Just to add a note of interest for the people of CSE (excluding Hauke of course who knows of this), here's the current known of record of 32 ply by Geir Sune Tallaksen Østmoe, borrowed from the question's linked Matplus foums.

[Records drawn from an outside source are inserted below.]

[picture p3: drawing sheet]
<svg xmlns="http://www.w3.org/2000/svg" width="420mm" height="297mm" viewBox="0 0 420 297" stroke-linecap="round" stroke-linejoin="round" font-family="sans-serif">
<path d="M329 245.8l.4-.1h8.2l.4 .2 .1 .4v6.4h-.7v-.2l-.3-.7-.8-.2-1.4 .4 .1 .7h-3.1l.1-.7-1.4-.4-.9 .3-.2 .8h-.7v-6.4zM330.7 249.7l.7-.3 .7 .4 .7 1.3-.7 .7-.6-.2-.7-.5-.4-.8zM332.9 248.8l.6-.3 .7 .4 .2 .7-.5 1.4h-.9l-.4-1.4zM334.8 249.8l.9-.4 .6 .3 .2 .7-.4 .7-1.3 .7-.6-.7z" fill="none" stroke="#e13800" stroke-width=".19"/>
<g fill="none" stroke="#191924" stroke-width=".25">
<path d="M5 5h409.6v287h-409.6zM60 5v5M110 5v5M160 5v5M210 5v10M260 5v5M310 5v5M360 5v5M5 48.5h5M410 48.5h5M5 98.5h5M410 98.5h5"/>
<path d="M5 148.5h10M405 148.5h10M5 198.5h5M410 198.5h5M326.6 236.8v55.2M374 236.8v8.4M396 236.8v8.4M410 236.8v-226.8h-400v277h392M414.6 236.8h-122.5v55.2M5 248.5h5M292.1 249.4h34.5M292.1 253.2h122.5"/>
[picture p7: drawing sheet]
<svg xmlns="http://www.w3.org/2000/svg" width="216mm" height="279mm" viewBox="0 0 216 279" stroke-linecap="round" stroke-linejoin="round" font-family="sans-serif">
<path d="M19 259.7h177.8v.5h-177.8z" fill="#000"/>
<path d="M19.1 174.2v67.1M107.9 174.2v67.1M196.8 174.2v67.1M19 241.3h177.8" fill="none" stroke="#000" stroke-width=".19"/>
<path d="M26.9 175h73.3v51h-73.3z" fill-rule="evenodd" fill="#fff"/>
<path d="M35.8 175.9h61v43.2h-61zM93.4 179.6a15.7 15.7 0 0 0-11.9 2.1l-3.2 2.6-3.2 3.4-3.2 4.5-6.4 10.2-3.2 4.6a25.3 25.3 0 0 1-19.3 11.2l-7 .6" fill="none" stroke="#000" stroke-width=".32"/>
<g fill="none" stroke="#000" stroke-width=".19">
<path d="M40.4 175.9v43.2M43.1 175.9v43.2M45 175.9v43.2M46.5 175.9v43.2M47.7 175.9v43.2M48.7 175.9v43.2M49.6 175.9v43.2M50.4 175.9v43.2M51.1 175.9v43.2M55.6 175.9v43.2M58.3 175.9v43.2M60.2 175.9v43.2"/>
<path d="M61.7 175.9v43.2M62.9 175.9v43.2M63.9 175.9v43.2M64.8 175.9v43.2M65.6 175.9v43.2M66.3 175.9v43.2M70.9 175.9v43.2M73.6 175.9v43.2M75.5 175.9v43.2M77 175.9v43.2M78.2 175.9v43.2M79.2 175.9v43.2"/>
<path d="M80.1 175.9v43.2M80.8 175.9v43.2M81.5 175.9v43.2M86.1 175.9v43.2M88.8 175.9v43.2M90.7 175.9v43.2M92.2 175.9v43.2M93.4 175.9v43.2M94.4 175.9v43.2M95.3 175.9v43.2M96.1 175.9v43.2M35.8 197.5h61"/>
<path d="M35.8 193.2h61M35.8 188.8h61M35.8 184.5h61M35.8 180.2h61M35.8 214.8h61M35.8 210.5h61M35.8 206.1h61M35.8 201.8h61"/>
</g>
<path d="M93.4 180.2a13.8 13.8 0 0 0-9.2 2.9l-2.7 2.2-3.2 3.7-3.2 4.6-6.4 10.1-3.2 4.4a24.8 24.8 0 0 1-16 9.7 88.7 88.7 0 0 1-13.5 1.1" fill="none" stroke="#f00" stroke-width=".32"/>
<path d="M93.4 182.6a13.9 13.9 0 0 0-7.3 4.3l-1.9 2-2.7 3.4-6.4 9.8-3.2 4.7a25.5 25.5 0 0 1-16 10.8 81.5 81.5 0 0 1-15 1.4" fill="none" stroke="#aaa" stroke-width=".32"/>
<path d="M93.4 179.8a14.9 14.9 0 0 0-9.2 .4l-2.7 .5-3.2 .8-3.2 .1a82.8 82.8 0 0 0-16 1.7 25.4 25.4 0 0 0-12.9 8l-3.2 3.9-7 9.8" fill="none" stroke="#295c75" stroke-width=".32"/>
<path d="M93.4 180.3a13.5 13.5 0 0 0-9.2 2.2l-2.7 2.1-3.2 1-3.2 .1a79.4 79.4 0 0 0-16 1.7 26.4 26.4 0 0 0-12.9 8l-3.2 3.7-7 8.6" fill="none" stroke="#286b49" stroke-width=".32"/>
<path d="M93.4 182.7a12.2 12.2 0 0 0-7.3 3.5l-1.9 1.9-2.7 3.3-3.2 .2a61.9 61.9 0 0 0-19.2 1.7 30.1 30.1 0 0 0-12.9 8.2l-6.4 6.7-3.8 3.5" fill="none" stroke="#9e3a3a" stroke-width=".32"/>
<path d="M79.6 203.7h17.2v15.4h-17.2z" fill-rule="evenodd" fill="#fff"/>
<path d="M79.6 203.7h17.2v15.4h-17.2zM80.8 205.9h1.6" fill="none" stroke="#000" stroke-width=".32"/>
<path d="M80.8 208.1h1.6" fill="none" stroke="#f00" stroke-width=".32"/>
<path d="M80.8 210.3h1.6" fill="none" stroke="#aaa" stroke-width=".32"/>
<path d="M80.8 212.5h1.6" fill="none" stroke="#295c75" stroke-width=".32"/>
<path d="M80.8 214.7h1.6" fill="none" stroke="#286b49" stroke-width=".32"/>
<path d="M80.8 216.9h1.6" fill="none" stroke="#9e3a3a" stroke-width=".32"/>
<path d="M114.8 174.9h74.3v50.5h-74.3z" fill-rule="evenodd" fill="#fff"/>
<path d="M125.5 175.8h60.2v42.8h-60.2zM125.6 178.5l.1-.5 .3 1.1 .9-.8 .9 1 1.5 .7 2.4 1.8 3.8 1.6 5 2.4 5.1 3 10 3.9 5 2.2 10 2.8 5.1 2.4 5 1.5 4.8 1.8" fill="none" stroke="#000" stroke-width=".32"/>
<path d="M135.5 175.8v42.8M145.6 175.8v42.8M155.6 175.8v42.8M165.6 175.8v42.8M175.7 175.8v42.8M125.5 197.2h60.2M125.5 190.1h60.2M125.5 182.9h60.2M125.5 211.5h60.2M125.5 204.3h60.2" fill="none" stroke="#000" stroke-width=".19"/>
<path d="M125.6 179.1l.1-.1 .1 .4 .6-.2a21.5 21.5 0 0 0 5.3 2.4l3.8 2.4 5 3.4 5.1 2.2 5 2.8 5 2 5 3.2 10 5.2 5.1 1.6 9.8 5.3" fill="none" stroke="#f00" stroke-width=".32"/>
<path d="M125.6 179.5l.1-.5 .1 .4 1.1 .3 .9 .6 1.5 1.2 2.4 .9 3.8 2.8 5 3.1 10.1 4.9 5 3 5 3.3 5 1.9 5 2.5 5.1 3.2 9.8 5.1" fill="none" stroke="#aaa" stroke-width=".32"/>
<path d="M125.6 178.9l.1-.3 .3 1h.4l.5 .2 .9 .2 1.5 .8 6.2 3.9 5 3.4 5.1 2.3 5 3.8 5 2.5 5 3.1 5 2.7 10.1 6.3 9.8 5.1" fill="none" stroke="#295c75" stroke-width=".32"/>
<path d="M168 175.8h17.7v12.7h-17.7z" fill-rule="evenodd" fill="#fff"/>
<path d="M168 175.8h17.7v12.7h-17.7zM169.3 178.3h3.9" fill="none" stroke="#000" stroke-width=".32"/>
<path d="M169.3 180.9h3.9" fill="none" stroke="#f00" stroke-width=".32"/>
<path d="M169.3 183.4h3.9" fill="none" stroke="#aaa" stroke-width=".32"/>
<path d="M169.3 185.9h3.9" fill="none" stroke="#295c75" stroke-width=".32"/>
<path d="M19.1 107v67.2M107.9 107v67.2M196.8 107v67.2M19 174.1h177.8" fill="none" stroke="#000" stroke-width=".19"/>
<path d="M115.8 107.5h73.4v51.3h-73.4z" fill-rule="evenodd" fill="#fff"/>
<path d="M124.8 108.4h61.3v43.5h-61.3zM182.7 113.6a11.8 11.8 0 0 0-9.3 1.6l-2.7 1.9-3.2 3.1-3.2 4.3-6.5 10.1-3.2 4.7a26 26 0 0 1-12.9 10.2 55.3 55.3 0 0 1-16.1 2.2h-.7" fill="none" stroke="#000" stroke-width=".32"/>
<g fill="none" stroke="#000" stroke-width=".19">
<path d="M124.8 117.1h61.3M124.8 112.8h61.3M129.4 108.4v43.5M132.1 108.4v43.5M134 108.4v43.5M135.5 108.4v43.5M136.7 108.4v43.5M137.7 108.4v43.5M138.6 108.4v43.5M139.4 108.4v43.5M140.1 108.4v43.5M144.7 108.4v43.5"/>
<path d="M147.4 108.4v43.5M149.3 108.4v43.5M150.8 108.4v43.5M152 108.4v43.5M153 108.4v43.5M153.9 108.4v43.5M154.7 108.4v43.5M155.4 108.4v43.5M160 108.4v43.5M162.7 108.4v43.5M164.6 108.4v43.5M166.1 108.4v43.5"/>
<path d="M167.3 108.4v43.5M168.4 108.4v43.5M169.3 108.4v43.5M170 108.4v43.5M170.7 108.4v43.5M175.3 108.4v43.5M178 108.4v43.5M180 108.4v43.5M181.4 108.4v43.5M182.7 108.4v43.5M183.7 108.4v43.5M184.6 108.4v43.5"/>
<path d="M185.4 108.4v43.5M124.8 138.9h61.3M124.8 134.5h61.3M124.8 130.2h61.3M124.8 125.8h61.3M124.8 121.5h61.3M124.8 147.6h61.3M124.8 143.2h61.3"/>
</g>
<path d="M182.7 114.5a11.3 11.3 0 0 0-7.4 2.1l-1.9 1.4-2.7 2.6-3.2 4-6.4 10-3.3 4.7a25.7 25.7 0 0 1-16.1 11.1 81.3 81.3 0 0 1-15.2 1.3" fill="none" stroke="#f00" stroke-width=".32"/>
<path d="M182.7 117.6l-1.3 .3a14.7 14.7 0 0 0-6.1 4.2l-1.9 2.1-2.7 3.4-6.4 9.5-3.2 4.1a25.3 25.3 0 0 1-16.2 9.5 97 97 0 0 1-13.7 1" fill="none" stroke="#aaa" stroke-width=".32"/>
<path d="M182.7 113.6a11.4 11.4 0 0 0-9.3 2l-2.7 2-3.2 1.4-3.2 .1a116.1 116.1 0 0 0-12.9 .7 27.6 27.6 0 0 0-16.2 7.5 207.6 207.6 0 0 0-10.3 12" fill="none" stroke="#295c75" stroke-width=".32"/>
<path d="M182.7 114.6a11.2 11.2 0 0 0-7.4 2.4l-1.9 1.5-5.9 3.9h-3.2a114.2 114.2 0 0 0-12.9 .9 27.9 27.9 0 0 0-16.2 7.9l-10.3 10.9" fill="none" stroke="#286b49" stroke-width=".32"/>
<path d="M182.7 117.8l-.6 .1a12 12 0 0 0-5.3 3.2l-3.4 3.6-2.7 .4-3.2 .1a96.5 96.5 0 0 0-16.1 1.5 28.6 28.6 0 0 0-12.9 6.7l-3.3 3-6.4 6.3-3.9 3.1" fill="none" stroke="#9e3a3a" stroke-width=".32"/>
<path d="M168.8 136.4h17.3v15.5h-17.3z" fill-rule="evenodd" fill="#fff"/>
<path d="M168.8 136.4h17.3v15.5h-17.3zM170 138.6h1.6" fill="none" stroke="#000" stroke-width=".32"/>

The question is asking for the longest, or an example of, series of both sides that are the only drawing move that is dual free in a position without promoted pieces. This is under the Nunn Convention, which, to my understanding, means that there must be at least one other legal moves and pawn promotions count as duals.

I do not know of any studies myself, but perhaps I will find something someday. I if I do, I shall update this answer.

Now, here is that 32-ply record.

[Title "Geir Sune Tallaksen Østmoe, Apr 9, 2019 "]
[FEN "k1B5/r1p1p2b/nPPP2R1/BN2b1R1/2P2qp1/p7/P3P2P/6nK w - - 0 1"]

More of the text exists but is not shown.